#### Source material ####

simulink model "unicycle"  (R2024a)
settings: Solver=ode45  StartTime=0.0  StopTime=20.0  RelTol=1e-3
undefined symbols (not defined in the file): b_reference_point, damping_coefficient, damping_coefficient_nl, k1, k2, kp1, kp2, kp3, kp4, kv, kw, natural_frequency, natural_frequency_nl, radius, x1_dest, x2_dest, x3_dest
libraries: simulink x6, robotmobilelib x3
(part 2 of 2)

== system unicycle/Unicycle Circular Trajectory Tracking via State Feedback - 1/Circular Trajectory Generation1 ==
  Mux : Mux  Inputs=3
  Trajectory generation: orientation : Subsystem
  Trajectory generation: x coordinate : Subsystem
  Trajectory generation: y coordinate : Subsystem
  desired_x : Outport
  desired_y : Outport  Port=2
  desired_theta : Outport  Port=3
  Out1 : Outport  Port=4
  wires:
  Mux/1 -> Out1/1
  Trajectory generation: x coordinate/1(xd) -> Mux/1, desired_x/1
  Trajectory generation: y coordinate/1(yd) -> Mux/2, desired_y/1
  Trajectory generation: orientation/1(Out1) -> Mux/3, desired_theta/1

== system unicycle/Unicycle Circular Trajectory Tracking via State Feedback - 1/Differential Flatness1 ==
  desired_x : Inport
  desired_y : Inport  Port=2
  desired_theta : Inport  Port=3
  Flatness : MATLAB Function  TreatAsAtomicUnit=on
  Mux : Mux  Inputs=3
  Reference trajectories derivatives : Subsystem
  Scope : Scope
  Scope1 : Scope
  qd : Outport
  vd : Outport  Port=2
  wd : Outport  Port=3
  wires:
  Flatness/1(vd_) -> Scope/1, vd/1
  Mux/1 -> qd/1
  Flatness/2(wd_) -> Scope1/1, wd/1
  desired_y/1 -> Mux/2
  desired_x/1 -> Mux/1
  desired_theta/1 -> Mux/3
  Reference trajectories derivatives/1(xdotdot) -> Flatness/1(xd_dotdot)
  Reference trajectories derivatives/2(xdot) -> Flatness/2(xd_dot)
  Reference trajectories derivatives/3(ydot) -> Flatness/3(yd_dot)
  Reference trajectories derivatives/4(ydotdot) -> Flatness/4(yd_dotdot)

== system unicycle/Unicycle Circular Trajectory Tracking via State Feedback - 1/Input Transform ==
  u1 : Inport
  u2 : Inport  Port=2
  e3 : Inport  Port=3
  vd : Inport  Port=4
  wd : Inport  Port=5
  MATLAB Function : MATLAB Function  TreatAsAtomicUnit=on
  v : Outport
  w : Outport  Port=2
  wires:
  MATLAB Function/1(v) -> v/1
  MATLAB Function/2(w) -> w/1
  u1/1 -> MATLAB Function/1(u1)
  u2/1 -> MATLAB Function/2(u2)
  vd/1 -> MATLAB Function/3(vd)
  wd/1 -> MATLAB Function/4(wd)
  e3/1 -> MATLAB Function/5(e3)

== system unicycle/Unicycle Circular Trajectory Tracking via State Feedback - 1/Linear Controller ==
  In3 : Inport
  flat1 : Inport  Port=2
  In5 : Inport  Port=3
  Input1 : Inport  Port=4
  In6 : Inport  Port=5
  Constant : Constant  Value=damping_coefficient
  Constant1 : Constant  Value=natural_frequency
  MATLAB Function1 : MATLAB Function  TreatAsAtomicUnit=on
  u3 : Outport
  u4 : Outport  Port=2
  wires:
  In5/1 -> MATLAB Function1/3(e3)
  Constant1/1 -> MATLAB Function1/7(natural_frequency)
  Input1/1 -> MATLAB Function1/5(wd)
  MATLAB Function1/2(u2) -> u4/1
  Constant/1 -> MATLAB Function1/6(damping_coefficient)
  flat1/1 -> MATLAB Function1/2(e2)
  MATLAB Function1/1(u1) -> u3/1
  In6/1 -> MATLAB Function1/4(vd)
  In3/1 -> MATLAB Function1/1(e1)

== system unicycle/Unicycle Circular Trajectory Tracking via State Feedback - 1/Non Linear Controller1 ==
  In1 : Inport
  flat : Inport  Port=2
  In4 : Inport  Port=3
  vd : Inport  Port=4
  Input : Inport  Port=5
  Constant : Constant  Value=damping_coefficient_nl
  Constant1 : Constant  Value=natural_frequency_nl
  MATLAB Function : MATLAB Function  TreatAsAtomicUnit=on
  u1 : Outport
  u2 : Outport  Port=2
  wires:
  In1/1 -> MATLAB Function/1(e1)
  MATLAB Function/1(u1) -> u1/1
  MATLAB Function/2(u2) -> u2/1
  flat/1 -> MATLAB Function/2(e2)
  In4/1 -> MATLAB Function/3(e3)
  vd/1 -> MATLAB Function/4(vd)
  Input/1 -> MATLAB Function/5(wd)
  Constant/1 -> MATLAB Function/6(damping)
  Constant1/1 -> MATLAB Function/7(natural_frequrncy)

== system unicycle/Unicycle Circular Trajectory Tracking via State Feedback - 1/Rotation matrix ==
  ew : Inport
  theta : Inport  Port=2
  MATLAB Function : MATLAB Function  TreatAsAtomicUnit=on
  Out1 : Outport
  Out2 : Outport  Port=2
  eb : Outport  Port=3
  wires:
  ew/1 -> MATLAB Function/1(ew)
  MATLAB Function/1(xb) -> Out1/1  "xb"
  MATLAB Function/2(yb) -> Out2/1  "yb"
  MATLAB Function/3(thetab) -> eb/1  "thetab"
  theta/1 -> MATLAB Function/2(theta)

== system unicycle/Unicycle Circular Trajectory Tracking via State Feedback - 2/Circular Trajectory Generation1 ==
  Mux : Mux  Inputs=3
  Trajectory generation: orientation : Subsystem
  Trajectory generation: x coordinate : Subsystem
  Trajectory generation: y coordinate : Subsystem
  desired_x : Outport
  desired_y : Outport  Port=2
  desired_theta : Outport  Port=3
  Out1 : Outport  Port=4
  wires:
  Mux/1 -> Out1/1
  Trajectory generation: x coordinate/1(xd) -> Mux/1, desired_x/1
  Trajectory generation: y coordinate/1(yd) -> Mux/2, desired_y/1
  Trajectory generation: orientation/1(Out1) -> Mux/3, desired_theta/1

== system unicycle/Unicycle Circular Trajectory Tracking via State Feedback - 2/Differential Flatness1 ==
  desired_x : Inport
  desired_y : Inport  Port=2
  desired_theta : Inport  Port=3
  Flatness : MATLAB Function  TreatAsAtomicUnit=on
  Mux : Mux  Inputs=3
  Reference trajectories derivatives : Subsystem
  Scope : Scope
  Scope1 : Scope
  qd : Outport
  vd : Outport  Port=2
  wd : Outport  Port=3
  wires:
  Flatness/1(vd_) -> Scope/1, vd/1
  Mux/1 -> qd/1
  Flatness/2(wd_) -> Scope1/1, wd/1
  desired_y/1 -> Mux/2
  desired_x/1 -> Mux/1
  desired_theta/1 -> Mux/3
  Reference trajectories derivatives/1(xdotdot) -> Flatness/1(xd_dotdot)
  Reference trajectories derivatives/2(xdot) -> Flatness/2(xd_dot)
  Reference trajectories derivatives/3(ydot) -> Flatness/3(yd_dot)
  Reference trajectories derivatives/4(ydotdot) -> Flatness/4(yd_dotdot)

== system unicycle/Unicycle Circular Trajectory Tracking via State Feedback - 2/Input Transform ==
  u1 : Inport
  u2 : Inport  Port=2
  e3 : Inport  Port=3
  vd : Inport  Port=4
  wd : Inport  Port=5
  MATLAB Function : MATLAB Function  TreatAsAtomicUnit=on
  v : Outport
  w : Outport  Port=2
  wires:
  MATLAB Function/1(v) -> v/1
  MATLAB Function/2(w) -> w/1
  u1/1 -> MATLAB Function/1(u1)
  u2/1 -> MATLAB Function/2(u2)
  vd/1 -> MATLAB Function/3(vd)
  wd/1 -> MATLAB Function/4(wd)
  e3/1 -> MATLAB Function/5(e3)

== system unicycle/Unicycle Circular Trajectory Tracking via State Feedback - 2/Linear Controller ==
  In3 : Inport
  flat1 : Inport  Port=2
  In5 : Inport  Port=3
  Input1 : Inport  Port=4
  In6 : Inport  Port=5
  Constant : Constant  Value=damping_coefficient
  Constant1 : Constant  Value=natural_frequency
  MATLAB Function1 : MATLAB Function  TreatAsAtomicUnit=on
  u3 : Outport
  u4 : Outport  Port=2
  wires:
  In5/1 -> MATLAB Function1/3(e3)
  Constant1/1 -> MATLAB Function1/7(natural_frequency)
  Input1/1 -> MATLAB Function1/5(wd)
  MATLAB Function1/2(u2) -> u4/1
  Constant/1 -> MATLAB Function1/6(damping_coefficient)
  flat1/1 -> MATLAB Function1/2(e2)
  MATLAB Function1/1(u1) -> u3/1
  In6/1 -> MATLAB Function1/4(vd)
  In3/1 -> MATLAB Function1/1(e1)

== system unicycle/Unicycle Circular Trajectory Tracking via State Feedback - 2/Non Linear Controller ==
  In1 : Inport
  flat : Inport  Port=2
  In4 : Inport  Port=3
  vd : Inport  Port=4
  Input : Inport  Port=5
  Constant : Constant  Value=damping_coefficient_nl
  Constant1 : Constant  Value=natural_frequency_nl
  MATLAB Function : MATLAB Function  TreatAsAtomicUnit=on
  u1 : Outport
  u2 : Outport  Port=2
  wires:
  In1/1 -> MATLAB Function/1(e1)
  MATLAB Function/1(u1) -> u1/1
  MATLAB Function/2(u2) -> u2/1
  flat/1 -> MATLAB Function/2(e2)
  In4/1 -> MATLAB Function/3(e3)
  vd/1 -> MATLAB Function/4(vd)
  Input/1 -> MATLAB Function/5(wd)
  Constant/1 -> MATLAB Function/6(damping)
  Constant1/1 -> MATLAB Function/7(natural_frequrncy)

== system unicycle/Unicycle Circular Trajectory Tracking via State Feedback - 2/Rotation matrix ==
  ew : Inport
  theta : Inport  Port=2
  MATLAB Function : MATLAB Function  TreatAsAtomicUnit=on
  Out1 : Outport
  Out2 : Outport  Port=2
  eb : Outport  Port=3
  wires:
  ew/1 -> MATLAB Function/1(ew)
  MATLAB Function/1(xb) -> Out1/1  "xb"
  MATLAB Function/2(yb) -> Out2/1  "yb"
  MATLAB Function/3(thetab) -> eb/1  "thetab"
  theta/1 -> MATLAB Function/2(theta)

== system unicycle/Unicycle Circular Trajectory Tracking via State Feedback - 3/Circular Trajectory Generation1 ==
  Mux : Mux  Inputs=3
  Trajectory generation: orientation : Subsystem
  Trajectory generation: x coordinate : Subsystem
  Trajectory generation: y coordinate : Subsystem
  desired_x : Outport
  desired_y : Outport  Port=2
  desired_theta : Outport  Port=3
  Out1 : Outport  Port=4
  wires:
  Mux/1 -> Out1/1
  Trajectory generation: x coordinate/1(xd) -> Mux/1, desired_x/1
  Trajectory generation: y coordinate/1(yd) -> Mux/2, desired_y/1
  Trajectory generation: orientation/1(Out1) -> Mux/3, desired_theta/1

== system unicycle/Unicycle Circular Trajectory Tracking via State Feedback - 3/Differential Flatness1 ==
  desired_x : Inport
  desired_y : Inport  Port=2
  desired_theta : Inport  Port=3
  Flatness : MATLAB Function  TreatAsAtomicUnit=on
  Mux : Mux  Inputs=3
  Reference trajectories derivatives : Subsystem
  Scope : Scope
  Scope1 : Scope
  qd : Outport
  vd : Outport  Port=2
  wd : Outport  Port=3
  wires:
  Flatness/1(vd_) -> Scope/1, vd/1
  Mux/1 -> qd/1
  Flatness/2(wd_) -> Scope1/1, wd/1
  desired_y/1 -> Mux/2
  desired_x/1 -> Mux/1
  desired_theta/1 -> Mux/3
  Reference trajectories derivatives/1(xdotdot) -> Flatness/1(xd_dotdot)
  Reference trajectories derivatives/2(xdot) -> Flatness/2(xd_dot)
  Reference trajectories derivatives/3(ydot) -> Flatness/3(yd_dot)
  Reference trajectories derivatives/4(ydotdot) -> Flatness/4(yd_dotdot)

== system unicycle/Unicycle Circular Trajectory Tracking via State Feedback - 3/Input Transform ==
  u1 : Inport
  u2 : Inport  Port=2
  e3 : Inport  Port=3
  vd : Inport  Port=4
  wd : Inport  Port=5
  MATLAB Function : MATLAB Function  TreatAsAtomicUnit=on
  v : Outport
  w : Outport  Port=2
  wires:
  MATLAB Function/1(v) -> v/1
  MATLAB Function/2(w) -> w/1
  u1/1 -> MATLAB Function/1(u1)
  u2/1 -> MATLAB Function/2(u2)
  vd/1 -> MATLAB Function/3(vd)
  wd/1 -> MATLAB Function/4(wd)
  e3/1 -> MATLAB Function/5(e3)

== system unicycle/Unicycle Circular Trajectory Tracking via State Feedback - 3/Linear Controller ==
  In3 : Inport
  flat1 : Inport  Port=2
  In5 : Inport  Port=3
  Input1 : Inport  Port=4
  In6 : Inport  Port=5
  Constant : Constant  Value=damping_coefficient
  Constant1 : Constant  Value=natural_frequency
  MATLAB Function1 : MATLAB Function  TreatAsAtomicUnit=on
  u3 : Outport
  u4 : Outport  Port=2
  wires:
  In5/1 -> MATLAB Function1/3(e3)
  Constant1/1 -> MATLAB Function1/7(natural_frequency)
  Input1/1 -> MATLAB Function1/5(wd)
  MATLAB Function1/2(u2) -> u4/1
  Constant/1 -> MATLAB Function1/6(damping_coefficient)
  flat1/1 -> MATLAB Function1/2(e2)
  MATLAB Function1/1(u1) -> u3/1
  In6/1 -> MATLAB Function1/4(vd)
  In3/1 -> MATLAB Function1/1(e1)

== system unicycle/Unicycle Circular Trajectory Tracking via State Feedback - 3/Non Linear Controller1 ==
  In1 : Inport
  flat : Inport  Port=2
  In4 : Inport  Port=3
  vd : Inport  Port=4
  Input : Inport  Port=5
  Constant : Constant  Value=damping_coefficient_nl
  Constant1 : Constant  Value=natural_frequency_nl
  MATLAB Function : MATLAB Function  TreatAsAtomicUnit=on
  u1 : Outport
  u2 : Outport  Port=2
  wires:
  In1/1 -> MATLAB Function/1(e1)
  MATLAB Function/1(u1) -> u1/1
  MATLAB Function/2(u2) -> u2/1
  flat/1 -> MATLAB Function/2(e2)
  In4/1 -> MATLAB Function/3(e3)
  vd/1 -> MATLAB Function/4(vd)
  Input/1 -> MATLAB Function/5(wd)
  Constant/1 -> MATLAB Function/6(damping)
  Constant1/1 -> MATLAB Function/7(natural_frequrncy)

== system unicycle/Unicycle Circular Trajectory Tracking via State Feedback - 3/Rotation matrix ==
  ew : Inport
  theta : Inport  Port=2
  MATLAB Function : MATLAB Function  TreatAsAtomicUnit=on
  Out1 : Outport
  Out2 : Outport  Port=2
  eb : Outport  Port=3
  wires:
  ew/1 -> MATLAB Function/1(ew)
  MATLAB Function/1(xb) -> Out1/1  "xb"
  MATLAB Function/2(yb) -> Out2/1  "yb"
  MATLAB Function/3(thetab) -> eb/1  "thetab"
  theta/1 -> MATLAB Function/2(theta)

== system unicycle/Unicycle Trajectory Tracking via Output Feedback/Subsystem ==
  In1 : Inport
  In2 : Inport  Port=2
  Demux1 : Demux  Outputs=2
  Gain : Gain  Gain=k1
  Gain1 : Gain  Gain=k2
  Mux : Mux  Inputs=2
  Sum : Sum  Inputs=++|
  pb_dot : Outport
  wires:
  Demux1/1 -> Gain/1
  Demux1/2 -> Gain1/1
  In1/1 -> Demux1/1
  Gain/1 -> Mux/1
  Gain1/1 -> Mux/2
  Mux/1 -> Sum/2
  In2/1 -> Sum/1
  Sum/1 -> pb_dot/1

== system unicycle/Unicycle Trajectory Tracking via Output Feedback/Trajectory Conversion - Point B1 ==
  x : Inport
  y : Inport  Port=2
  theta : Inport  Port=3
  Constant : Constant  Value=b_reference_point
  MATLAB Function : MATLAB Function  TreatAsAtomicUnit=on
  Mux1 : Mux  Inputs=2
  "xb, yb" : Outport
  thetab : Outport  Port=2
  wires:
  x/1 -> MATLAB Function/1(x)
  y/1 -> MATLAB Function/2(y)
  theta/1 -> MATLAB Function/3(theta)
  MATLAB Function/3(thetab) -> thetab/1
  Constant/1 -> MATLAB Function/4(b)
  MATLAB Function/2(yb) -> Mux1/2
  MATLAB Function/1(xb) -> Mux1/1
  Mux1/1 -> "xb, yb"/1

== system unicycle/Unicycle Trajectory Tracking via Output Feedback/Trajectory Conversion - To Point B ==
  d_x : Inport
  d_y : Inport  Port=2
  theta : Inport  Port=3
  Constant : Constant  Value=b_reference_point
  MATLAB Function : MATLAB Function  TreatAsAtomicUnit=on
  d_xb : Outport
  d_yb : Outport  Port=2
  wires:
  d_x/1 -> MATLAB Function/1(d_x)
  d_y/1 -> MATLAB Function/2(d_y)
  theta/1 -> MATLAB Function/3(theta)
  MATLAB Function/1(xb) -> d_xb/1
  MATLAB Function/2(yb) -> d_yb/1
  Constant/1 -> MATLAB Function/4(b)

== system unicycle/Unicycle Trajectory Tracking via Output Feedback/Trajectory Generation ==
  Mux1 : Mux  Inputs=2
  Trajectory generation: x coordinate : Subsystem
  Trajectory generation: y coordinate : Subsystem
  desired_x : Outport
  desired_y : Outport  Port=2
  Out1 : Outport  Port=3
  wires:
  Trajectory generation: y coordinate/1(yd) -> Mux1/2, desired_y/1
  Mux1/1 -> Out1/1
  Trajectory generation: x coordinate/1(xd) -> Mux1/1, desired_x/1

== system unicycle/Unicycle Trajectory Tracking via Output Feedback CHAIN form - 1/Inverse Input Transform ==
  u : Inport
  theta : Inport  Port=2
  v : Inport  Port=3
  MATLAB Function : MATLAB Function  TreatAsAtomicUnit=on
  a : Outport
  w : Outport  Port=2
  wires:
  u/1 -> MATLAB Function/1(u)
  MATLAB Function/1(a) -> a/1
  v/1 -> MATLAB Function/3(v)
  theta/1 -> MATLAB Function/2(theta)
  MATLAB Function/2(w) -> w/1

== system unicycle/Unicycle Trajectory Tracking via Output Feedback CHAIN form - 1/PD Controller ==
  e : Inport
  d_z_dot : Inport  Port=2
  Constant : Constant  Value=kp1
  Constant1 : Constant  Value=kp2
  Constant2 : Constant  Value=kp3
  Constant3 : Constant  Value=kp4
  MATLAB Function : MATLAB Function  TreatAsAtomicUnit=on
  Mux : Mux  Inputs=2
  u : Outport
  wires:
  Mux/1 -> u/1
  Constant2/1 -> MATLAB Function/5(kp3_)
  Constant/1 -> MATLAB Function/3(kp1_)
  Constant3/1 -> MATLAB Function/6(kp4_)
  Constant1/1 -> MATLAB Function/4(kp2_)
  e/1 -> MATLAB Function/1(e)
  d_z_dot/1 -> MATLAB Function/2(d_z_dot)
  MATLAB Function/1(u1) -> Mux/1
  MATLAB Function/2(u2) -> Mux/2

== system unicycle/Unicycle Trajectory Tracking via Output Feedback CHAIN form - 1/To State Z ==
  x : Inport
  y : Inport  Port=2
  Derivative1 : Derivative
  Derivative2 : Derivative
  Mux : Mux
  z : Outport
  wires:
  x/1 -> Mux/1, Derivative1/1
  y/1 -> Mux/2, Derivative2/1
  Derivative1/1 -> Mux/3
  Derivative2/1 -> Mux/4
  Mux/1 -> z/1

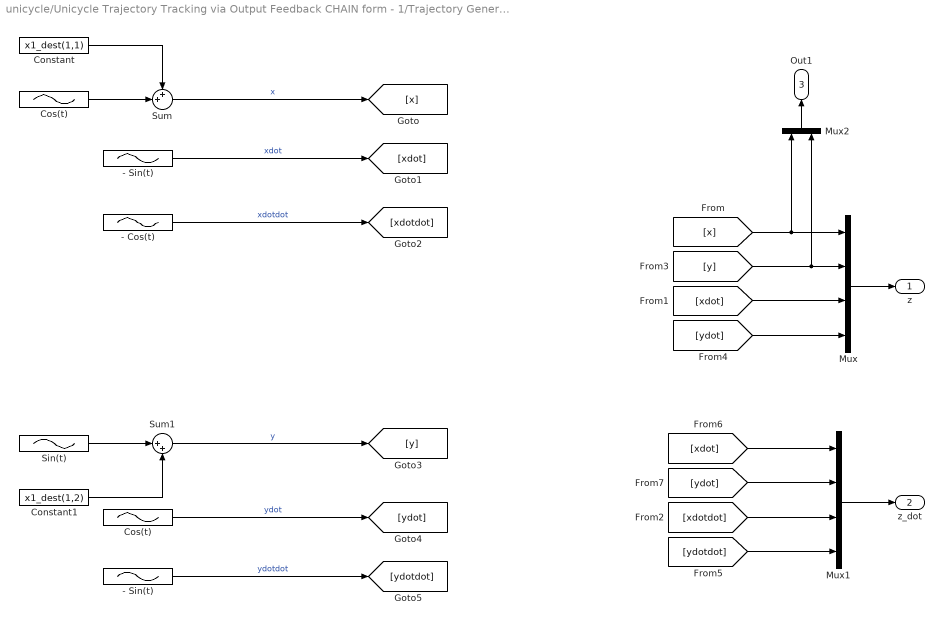
== system unicycle/Unicycle Trajectory Tracking via Output Feedback CHAIN form - 1/Trajectory Generation ==
  - Cos(t) : Sin  Amplitude=-1  Phase=pi/2  SampleTime=0
  - Sin(t) : Sin  Amplitude=-1  SampleTime=0
  "- Sin(t) " : Sin  Amplitude=-1  SampleTime=0
  Constant : Constant  Value=x1_dest(1,1)
  Constant1 : Constant  Value=x1_dest(1,2)
  Cos(t) : Sin  Phase=pi/2  SampleTime=0
  "Cos(t) " : Sin  Phase=pi/2  SampleTime=0
  Mux : Mux
  Mux1 : Mux
  Mux2 : Mux  Inputs=2
  "Sin(t) " : Sin  SampleTime=0
  Sum : Sum  Inputs=++|
  Sum1 : Sum  Inputs=|++
  z : Outport
  z_dot : Outport  Port=2
  Out1 : Outport  Port=3
  wires:
  Cos(t)/1 -> Sum/2
  Constant/1 -> Sum/1
  Sum/1 -> [x]  "x"
  "Sin(t) "/1 -> Sum1/1
  Constant1/1 -> Sum1/2
  - Sin(t)/1 -> [xdot]  "xdot"
  - Cos(t)/1 -> [xdotdot]  "xdotdot"
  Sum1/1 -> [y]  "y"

####

Show every line above in which the word "Phase" occurs.

Result of the exercise:
  - Cos(t) : Sin  Amplitude=-1  Phase=pi/2  SampleTime=0
  Cos(t) : Sin  Phase=pi/2  SampleTime=0
  "Cos(t) " : Sin  Phase=pi/2  SampleTime=0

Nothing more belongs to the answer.